In the future, it's best to not use pure amendment in a planting hole, but rather to mix it in thoroughly with the existing soil. Use minimal amounts of amendment, as the more of a difference in soil types there is between the planting hole and the surrounding soil, the greater the likelihood the roots will respond negatively when eventually encountering native soil; plus, this creates drainage problems as water doesn't move through the two soil textures in the same way. Approximately a couple of shovel-fulls of amendment (topsoil, compost, and/or fine-grade pine bark mulch) should be sufficient to amend the soil for a single shrub of this size.

Similarly, make sure root balls are well-loosened upon planting, as those bound from their time cramped in the pot will struggle to reach-out into the surrounding soil to establish themselves. Azalea roots grow relatively shallowly - often not even filling the pot to depth - and so become fairly easily entangled and matted when reaching the edge of the container.

Holly-tone is a suitable fertilizer for acid-loving plants, but should not be needed for either freshly-planted or even established shrubs unless signs of nutrient deficiency appear. Too strong a nutrient level can actually damage roots, though fortunately organic fertilizers like this break down more slowly than some synthetic formulations. You don't need to worry about the fertilizer you already applied, but we don't suggest using more at this time.

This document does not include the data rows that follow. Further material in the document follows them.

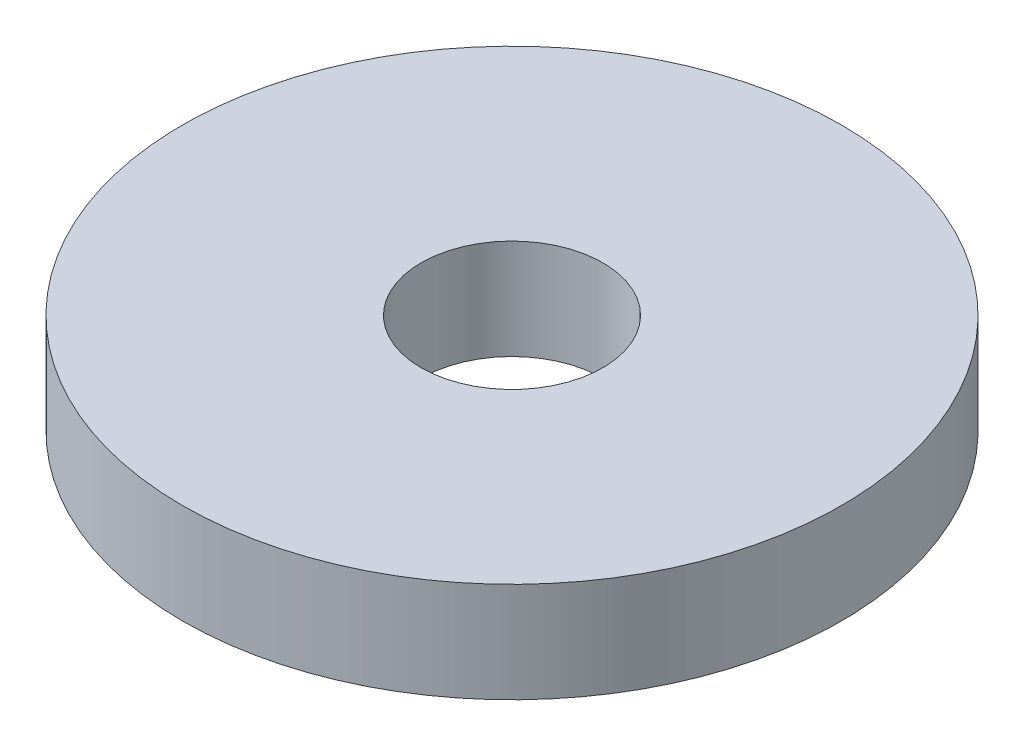
SolidWorks part; units mm, degrees
ref_plane "Front Plane" through (0, 0, 0) normal (0, 0, 1) x (1, 0, 0)
ref_plane "Top Plane" through (0, 0, 0) normal (0, 1, 0) x (1, 0, 0)
ref_plane "Right Plane" through (0, 0, 0) normal (1, 0, 0) x (0, 0, -1)
sketch "Sketch1" plane through (0, 0, 0) normal (0, 1, 0) x (1, 0, 0)
  circle A0 centre (0, 0) radius 72.5
  dimension "FLANGE_OD" = 145
extrude "Boss-Extrude1" add sketch "Sketch1" along normal blind 22
sketch "Sketch2" plane through (0, 0, 0) normal (0, 1, 0) x (1, 0, 0)
  circle A0 centre (0, 0) radius 20
  dimension "BORE_D" = 40
extrude "Cut-Extrude1" cut sketch "Sketch2" along normal through all
sketch "Sketch3" plane through (0, 22, 0) normal (0, 1, 0) x (1, 0, 0)
  circle A0 centre (0, 0) radius 16.8043 construction
  circle A1 centre (-16.8043, 0) radius 2.6473
  dimension "BOLT_D" = 5.2946
  dimension "BOLT_PCD" = 33.6086
extrude "Cut-Extrude2" cut sketch "Sketch3" against normal blind 17.3222 rebuild error yes
pattern_circular "CirPattern1" count 6 over 360 rebuild error yes
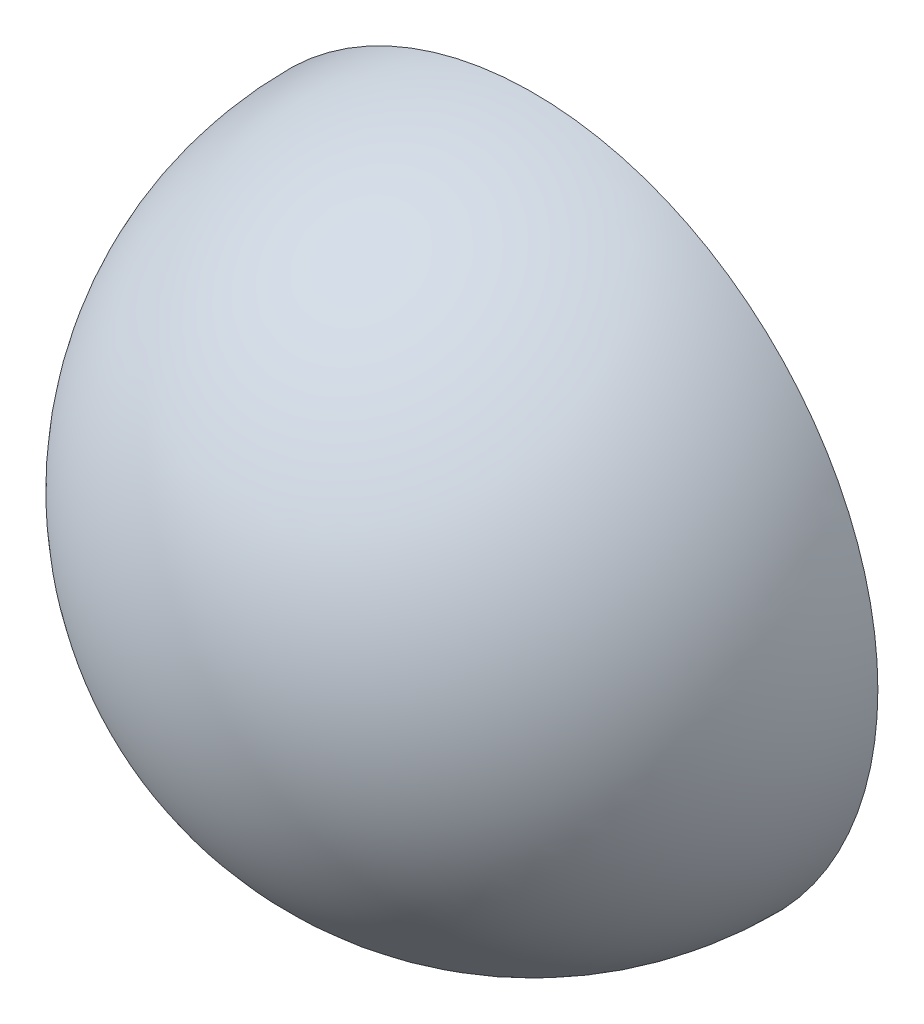
SolidWorks part; units mm, degrees
ref_plane "正面" through (0, 0, 0) normal (0, 0, 1) x (1, 0, 0)
ref_plane "平面" through (0, 0, 0) normal (0, 1, 0) x (1, 0, 0)
ref_plane "右側面" through (0, 0, 0) normal (1, 0, 0) x (0, 0, -1)
sketch "ｽｹｯﾁ1" plane through (0, 0, 0) normal (0, 0, 1) x (1, 0, 0)
  line L0 (-16.15, 0) -> (-14.65, 0)
  line L1 (14.65, 0) -> (16.15, 0)
  line L2 (14.65, 0) -> (-14.65, 0) construction
  arc A0 (14.65, 0) -> (-14.65, 0) centre (0, 0) cw
  arc A1 (-16.15, 0) -> (16.15, 0) centre (0, 0) ccw
  dimension "D2" = 14.65
  dimension "D1" = 1.5
revolve "回転1" add sketch "ｽｹｯﾁ1" angle 180 about L2

For now, just monitor the plant's status, check for watering as needed, and see if it puts out new leaf growth. (Not flowering isn't too troubling a sign by itself if all else looks good.) If you don't see signs of active growth by May or June, the plant may be too compromised to recover. If the existing older foliage appears to stay healthy throughout the spring and summer, then perhaps this year's growth buds were damaged due to cold or water stress and the plant will have to wait until autumn to grow more for next spring.

Miri

Mira Talabac Replied April 23, 2021, 1:26 PM EDT
Thank you for such a detailed response.  I will watch for the things you mentioned, though I'm not sure many of them apply.
- the sun doesn't hit these until about 3 in the afternoon, when it finally gets around the corner of the house and heading towards setting, and seeing other azaleas in the neighborhood that are thriving with more sun, I don't think that is contributing.  We'll see as the year(s) progresses.
- We bought all 10 azaleas at the same time at the same nursery, and they were all the same size and condition, so I don't think we had one with roots in any worse shape than the rest.  We also planted them all the same way, mixing a little top soil with the existing soil (in the holes vacated by the previous ones) and freed the roots as much as we could.  My husband typically uses Holly-Tone, and mentioned it at the nursery, and they agreed that's what they would have used if we had asked them to plant them.  Choosing to widen this one hole and use new top soil was strictly a Hail Mary on my part, since there wasn't anything else I could think to do.
- in truth there isn't anything I'd be concerned about if it wasn't for the fact that 9 out of 10 are looking awesome, and the one looking poorly is in the exact same spot as the previous casualty. Plus the only "poorly" about it was the blooms failed to open, but just died in place.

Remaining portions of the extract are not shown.